> Material for the task:
⁂
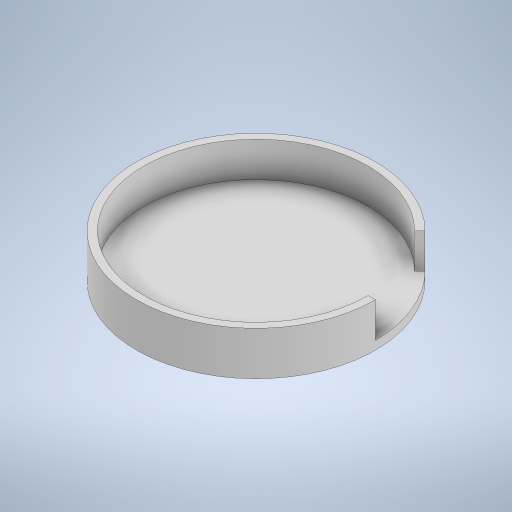
# Autodesk Inventor part: mainbody
Saved by Autodesk Inventor 2024 (Build 280153000, 153)
## iProperties
Created: 2024-05-20
Part Number: mainbody
Material: Generic
Document SubType Name: Modeling
Designer: ryana
Density: 1 g/cm^3
Appearance: Default
Author: ryana
Autodesk Inventor part; units mm, degrees
ref_plane "YZ Plane" through (0, 0, 0) normal (1, 0, 0) x (0, 1, 0)
ref_plane "XZ Plane" through (0, 0, 0) normal (0, 1, 0) x (-1, 0, 0)
ref_plane "XY Plane" through (0, 0, 0) normal (0, 0, 1) x (1, 0, 0)
sketch "Sketch1" plane through (0, 0, 0) normal (0, 1, 0) x (-1, 0, 0)
  circle A0 centre (0, 0) radius 38.5
  circle A1 centre (0, 0) radius 41
  dimension "d0" = 77
  dimension "d1" = 82
  constraints: 2 centre point, 2 coincident
  measures "d0" diameter of A0
  measures "d1" diameter of A1
extrude "Extrusion3" add sketch "Sketch1" along normal blind 3 contours A0
sketch "Sketch3" plane through (0, 0, 0) normal (0, 1, 0) x (-1, 0, 0)
  circle A0 centre (0, 0) radius 41
  circle A1 centre (0, 0) radius 38.5
  dimension "d9" = 82
  dimension "d10" = 77
  constraints: 2 centre point, 2 coincident
  measures "d9" diameter of A0
  measures "d10" diameter of A1
extrude "Extrusion4" add sketch "Sketch3" along normal blind 15
sketch "Sketch4" plane through (0, 3, 0) normal (0, 1, 0) x (1, 0, 0)
  line L0 (0, 0) -> (41, 0)
  circle A0 centre (0, 0) radius 41 projected
  line L1 (0, 0) -> (28.9914, 28.9914)
  line L2 (0, 0) -> (41, 0) construction
  arc A1 (41, 0) -> (28.9914, 28.9914) centre (0, 0) ccw
  dimension "d13" = 41
  dimension "d14" = 45
  constraints: 6 end point, 2 horizontal, 2 point on circle, 1 centre point, 1 equal length, 3 other
  measures "d13" distance of L0.start L1.end
  measures "d14" angle of L2 L1
extrude "Extrusion5" cut sketch "Sketch4" along normal blind 15 contours L1 A0 L0 picked at (21.0272, 17.2566)
body "Solid2"
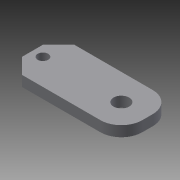
# Autodesk Inventor part: servo arm
Saved by Autodesk Inventor 2013 (Build 170138000, 138)
## iProperties
Created: 2017-01-26
Part Number: servo arm
Material: Generic
Document SubType Name: Modeling
Designer: Herman de Vries
Density: 1 g/cm^3
Author: Herman de Vries
Autodesk Inventor part; units mm, degrees
ref_plane "YZ Plane" through (0, 0, 0) normal (1, 0, 0) x (0, 1, 0)
ref_plane "XZ Plane" through (0, 0, 0) normal (0, 1, 0) x (-1, 0, 0)
ref_plane "XY Plane" through (0, 0, 0) normal (0, 0, 1) x (1, 0, 0)
sketch "Sketch1" plane through (0, 0, 0) normal (0, 0, 1) x (1, 0, 0)
  line L0 (0, 0) -> (22, 0)
  line L1 (22, 0) -> (22, 10)
  line L2 (22, 10) -> (0, 10)
  line L3 (0, 10) -> (0, 0)
  circle A0 centre (17, 5) radius 1.5
  circle A1 centre (2, 5) radius 1
  point P0 (22, 5)
  dimension "d0" = 22
  dimension "d1" = 10
  dimension "d2" = 3
  dimension "d3" = 2
  dimension "d4" = 15
  dimension "d5" = 5
  constraints: 8 end point, 2 centre point, 2 horizontal alignment, 2 parallel, 1 horizontal, 1 midpoint, 1 perpendicular
  measures "d0" distance of L2.end L1.end
  measures "d1" distance of L1.end L0.end
  measures "d2" diameter of A0
  measures "d3" diameter of A1
  measures "d4" distance of A0.centre A1.centre
  measures "d5" distance from line of L1 A0.centre
extrude "Extrusion1" add sketch "Sketch1" along normal blind 2
fillet "Fillet1" radius 4 2 edges at (22, 10, 1) (22, 0, 1)
chamfer "Chamfer1" distance 3 angle 45 2 edges at (0, 10, 1) (0, 0, 1)
body "Solid1"
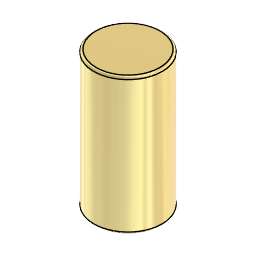
CYLINDER (Autodesk Fusion 360 design; units mm, degrees)
part number: 2025-09-14-11-53-35-571
Autodesk Fusion 360 part; units mm, degrees
sketch "草图1" plane through (0, 0, 0) normal (0, 0, 1) x (1, 0, 0)
  circle A0 centre (0, 0) radius 15
  dimension "d1" = 30
  constraint coincident A0.centre origin
  measures "d1" diameter of A0
extrude "拉伸1" add sketch "草图1" along normal blind 60
fillet "圆角1" radius 1 1 faces at (3.8315, 5.6199, 60)
fillet "圆角2" radius 1 4 faces at (-2.3333, 2.3068, 60) (-11.9131, 9.0239, 59.3271) (14.9814, -0.7477, 39.3333) (3.8315, 5.6199, 0)
equation "d1 = dia"
equation "dia = 30 mm"
equation "h = 60 mm"
equation "d4 = h"
named bodies: "Cylinder"
⁂
> What to do:
Could you print the whole listing again, exactly, leaving the pictures out?

> Output:
# Autodesk Inventor part: mainbody
Saved by Autodesk Inventor 2024 (Build 280153000, 153)
## iProperties
Created: 2024-05-20
Part Number: mainbody
Material: Generic
Document SubType Name: Modeling
Designer: ryana
Density: 1 g/cm^3
Appearance: Default
Author: ryana
Autodesk Inventor part; units mm, degrees
ref_plane "YZ Plane" through (0, 0, 0) normal (1, 0, 0) x (0, 1, 0)
ref_plane "XZ Plane" through (0, 0, 0) normal (0, 1, 0) x (-1, 0, 0)
ref_plane "XY Plane" through (0, 0, 0) normal (0, 0, 1) x (1, 0, 0)
sketch "Sketch1" plane through (0, 0, 0) normal (0, 1, 0) x (-1, 0, 0)
  circle A0 centre (0, 0) radius 38.5
  circle A1 centre (0, 0) radius 41
  dimension "d0" = 77
  dimension "d1" = 82
  constraints: 2 centre point, 2 coincident
  measures "d0" diameter of A0
  measures "d1" diameter of A1
extrude "Extrusion3" add sketch "Sketch1" along normal blind 3 contours A0
sketch "Sketch3" plane through (0, 0, 0) normal (0, 1, 0) x (-1, 0, 0)
  circle A0 centre (0, 0) radius 41
  circle A1 centre (0, 0) radius 38.5
  dimension "d9" = 82
  dimension "d10" = 77
  constraints: 2 centre point, 2 coincident
  measures "d9" diameter of A0
  measures "d10" diameter of A1
extrude "Extrusion4" add sketch "Sketch3" along normal blind 15
sketch "Sketch4" plane through (0, 3, 0) normal (0, 1, 0) x (1, 0, 0)
  line L0 (0, 0) -> (41, 0)
  circle A0 centre (0, 0) radius 41 projected
  line L1 (0, 0) -> (28.9914, 28.9914)
  line L2 (0, 0) -> (41, 0) construction
  arc A1 (41, 0) -> (28.9914, 28.9914) centre (0, 0) ccw
  dimension "d13" = 41
  dimension "d14" = 45
  constraints: 6 end point, 2 horizontal, 2 point on circle, 1 centre point, 1 equal length, 3 other
  measures "d13" distance of L0.start L1.end
  measures "d14" angle of L2 L1
extrude "Extrusion5" cut sketch "Sketch4" along normal blind 15 contours L1 A0 L0 picked at (21.0272, 17.2566)
body "Solid2"
# Autodesk Inventor part: servo arm
Saved by Autodesk Inventor 2013 (Build 170138000, 138)
## iProperties
Created: 2017-01-26
Part Number: servo arm
Material: Generic
Document SubType Name: Modeling
Designer: Herman de Vries
Density: 1 g/cm^3
Author: Herman de Vries
Autodesk Inventor part; units mm, degrees
ref_plane "YZ Plane" through (0, 0, 0) normal (1, 0, 0) x (0, 1, 0)
ref_plane "XZ Plane" through (0, 0, 0) normal (0, 1, 0) x (-1, 0, 0)
ref_plane "XY Plane" through (0, 0, 0) normal (0, 0, 1) x (1, 0, 0)
sketch "Sketch1" plane through (0, 0, 0) normal (0, 0, 1) x (1, 0, 0)
  line L0 (0, 0) -> (22, 0)
  line L1 (22, 0) -> (22, 10)
  line L2 (22, 10) -> (0, 10)
  line L3 (0, 10) -> (0, 0)
  circle A0 centre (17, 5) radius 1.5
  circle A1 centre (2, 5) radius 1
  point P0 (22, 5)
  dimension "d0" = 22
  dimension "d1" = 10
  dimension "d2" = 3
  dimension "d3" = 2
  dimension "d4" = 15
  dimension "d5" = 5
  constraints: 8 end point, 2 centre point, 2 horizontal alignment, 2 parallel, 1 horizontal, 1 midpoint, 1 perpendicular
  measures "d0" distance of L2.end L1.end
  measures "d1" distance of L1.end L0.end
  measures "d2" diameter of A0
  measures "d3" diameter of A1
  measures "d4" distance of A0.centre A1.centre
  measures "d5" distance from line of L1 A0.centre
extrude "Extrusion1" add sketch "Sketch1" along normal blind 2
fillet "Fillet1" radius 4 2 edges at (22, 10, 1) (22, 0, 1)
chamfer "Chamfer1" distance 3 angle 45 2 edges at (0, 10, 1) (0, 0, 1)
body "Solid1"
CYLINDER (Autodesk Fusion 360 design; units mm, degrees)
part number: 2025-09-14-11-53-35-571
Autodesk Fusion 360 part; units mm, degrees
sketch "草图1" plane through (0, 0, 0) normal (0, 0, 1) x (1, 0, 0)
  circle A0 centre (0, 0) radius 15
  dimension "d1" = 30
  constraint coincident A0.centre origin
  measures "d1" diameter of A0
extrude "拉伸1" add sketch "草图1" along normal blind 60
fillet "圆角1" radius 1 1 faces at (3.8315, 5.6199, 60)
fillet "圆角2" radius 1 4 faces at (-2.3333, 2.3068, 60) (-11.9131, 9.0239, 59.3271) (14.9814, -0.7477, 39.3333) (3.8315, 5.6199, 0)
equation "d1 = dia"
equation "dia = 30 mm"
equation "h = 60 mm"
equation "d4 = h"
named bodies: "Cylinder"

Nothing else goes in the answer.